### TASK DETAILS
All lines of the entries with "Operations" in them must be listed.

### LISTED RECORDS
══════

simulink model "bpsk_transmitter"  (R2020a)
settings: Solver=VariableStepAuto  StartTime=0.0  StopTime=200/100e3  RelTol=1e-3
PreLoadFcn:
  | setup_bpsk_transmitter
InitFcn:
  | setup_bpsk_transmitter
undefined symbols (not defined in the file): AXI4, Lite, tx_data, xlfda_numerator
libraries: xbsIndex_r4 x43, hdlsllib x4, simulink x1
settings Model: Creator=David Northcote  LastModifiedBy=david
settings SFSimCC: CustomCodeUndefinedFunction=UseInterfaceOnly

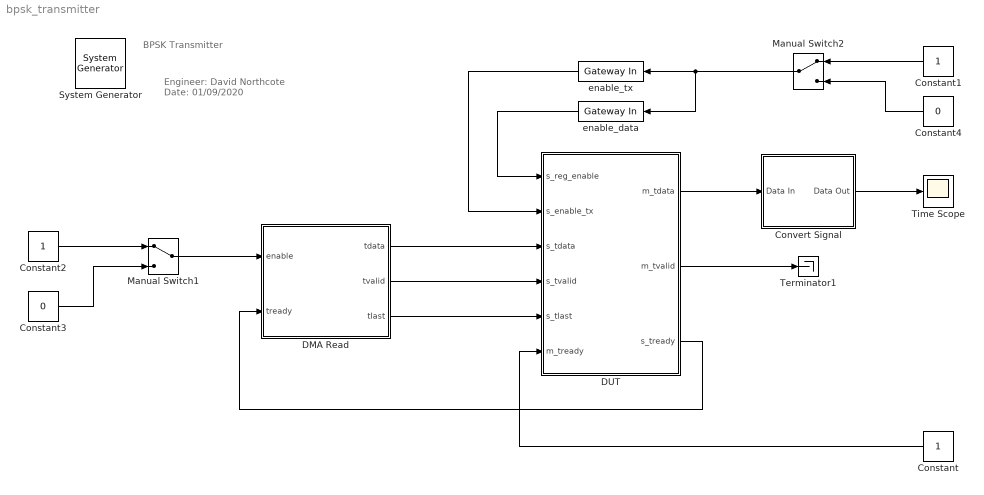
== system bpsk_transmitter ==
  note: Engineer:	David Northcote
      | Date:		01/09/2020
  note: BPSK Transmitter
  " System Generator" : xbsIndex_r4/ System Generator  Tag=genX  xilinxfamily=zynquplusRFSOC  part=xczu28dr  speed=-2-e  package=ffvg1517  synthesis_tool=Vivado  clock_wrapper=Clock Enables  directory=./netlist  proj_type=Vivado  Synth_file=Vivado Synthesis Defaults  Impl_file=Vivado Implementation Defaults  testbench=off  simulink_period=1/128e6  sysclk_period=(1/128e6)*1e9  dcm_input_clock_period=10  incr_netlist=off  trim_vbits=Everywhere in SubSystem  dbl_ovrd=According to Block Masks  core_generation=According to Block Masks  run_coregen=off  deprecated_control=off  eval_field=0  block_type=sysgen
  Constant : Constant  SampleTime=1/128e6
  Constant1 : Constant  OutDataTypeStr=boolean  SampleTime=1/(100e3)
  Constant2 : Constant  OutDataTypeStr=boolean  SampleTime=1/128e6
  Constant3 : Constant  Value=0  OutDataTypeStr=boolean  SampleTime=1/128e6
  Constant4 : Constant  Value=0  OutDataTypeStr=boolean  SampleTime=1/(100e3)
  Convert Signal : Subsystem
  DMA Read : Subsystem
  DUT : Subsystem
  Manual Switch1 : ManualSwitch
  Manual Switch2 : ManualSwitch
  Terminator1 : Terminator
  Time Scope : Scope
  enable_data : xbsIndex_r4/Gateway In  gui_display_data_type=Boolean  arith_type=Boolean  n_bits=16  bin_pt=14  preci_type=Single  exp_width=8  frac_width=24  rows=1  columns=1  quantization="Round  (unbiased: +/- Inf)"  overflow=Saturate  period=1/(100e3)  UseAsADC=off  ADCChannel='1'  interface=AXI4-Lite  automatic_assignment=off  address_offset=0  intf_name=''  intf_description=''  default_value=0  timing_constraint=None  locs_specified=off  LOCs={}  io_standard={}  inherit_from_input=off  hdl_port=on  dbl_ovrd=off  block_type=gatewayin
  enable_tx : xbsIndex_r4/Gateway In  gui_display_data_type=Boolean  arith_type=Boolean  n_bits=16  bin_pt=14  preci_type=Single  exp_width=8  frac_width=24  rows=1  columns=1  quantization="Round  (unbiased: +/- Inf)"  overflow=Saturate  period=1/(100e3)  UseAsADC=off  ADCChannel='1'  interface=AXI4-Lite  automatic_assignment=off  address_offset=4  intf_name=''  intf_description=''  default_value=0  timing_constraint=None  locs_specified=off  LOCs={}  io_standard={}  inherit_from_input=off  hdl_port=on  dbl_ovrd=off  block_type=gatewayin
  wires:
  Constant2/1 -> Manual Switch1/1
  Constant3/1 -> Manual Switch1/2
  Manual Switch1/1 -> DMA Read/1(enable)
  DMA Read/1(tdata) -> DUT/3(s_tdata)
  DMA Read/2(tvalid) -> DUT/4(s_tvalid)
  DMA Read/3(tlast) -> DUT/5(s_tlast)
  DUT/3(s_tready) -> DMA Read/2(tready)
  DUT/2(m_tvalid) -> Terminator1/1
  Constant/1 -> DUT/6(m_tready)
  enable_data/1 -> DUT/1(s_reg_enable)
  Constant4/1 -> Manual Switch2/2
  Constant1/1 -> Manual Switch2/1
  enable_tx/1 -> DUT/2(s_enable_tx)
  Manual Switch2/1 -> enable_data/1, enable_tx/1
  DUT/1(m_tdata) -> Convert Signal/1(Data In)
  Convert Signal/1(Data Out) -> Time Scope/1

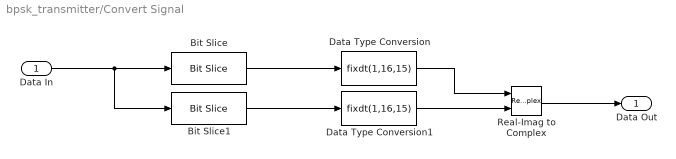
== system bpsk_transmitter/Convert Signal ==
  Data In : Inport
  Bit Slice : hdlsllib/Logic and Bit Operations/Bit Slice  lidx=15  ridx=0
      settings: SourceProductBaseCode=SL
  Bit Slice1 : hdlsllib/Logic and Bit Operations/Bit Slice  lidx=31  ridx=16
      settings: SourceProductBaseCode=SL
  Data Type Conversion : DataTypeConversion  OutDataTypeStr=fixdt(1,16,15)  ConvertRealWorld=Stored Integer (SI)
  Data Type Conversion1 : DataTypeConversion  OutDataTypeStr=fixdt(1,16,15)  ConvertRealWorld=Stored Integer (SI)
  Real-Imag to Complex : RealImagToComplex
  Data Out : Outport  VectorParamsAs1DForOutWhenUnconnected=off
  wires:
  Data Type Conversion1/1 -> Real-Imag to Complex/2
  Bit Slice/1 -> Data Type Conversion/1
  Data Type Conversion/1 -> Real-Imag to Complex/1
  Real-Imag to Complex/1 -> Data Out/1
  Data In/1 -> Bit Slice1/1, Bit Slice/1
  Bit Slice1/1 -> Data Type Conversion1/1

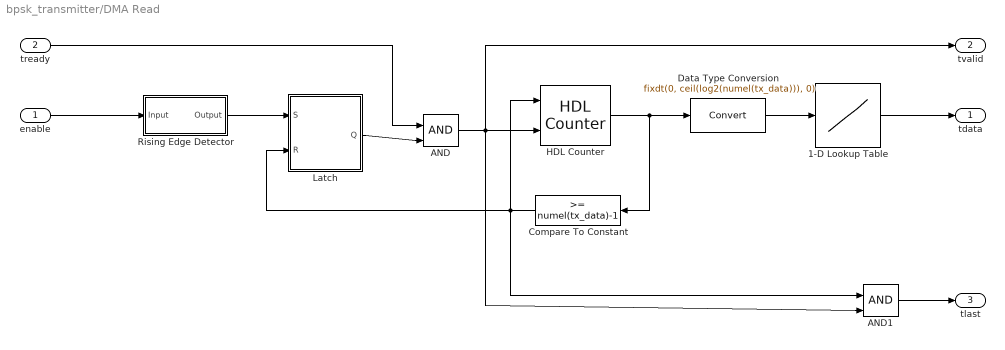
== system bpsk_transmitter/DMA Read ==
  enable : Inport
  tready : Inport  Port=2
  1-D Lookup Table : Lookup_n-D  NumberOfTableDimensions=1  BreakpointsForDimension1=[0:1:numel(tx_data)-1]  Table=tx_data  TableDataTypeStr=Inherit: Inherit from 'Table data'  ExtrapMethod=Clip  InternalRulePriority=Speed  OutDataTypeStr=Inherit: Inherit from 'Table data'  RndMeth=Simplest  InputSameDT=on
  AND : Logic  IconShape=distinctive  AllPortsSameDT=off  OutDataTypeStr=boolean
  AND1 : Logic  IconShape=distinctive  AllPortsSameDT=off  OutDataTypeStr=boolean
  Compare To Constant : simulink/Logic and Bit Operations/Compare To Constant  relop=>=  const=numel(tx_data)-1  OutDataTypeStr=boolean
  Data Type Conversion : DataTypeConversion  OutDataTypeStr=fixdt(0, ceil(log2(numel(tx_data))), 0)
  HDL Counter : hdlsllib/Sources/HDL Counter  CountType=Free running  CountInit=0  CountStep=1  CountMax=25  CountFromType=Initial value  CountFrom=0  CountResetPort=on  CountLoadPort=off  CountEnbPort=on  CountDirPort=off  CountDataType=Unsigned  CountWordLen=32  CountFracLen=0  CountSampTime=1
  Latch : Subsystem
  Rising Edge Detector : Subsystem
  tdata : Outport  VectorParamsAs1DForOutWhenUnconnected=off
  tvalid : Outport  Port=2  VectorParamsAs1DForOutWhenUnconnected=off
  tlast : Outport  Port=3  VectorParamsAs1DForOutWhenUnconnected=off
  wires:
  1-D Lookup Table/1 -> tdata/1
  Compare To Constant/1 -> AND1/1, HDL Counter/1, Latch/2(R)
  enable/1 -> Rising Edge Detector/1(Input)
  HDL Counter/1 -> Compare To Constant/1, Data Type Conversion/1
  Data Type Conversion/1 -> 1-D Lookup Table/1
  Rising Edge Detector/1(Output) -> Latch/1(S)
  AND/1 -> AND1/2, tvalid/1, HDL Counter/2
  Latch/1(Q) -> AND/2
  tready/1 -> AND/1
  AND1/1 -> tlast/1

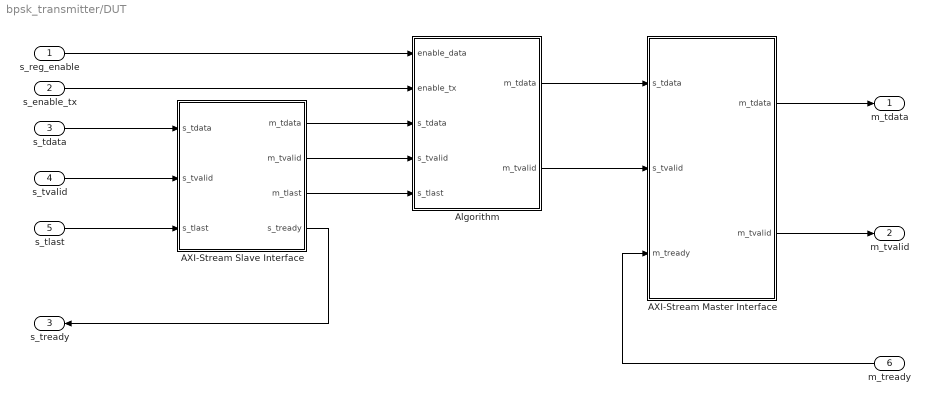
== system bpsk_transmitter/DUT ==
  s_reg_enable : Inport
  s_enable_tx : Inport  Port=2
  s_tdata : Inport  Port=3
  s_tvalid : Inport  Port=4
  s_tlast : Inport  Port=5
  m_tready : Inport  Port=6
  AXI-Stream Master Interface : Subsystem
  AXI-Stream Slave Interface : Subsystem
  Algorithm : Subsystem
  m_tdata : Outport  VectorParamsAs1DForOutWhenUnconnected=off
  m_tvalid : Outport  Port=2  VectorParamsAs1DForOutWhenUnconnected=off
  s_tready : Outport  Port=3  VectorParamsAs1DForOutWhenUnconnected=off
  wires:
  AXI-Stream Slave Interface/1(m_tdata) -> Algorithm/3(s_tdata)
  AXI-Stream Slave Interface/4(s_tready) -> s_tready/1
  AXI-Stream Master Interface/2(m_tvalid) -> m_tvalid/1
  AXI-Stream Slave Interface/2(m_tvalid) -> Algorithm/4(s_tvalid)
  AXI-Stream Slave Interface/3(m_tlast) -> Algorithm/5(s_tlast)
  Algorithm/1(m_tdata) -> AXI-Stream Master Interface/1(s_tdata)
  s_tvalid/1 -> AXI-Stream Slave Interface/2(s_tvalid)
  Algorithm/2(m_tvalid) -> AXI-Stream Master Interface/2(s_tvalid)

══════

### RESPONSE
  Bit Slice : hdlsllib/Logic and Bit Operations/Bit Slice  lidx=15  ridx=0
  Bit Slice1 : hdlsllib/Logic and Bit Operations/Bit Slice  lidx=31  ridx=16
  Compare To Constant : simulink/Logic and Bit Operations/Compare To Constant  relop=>=  const=numel(tx_data)-1  OutDataTypeStr=boolean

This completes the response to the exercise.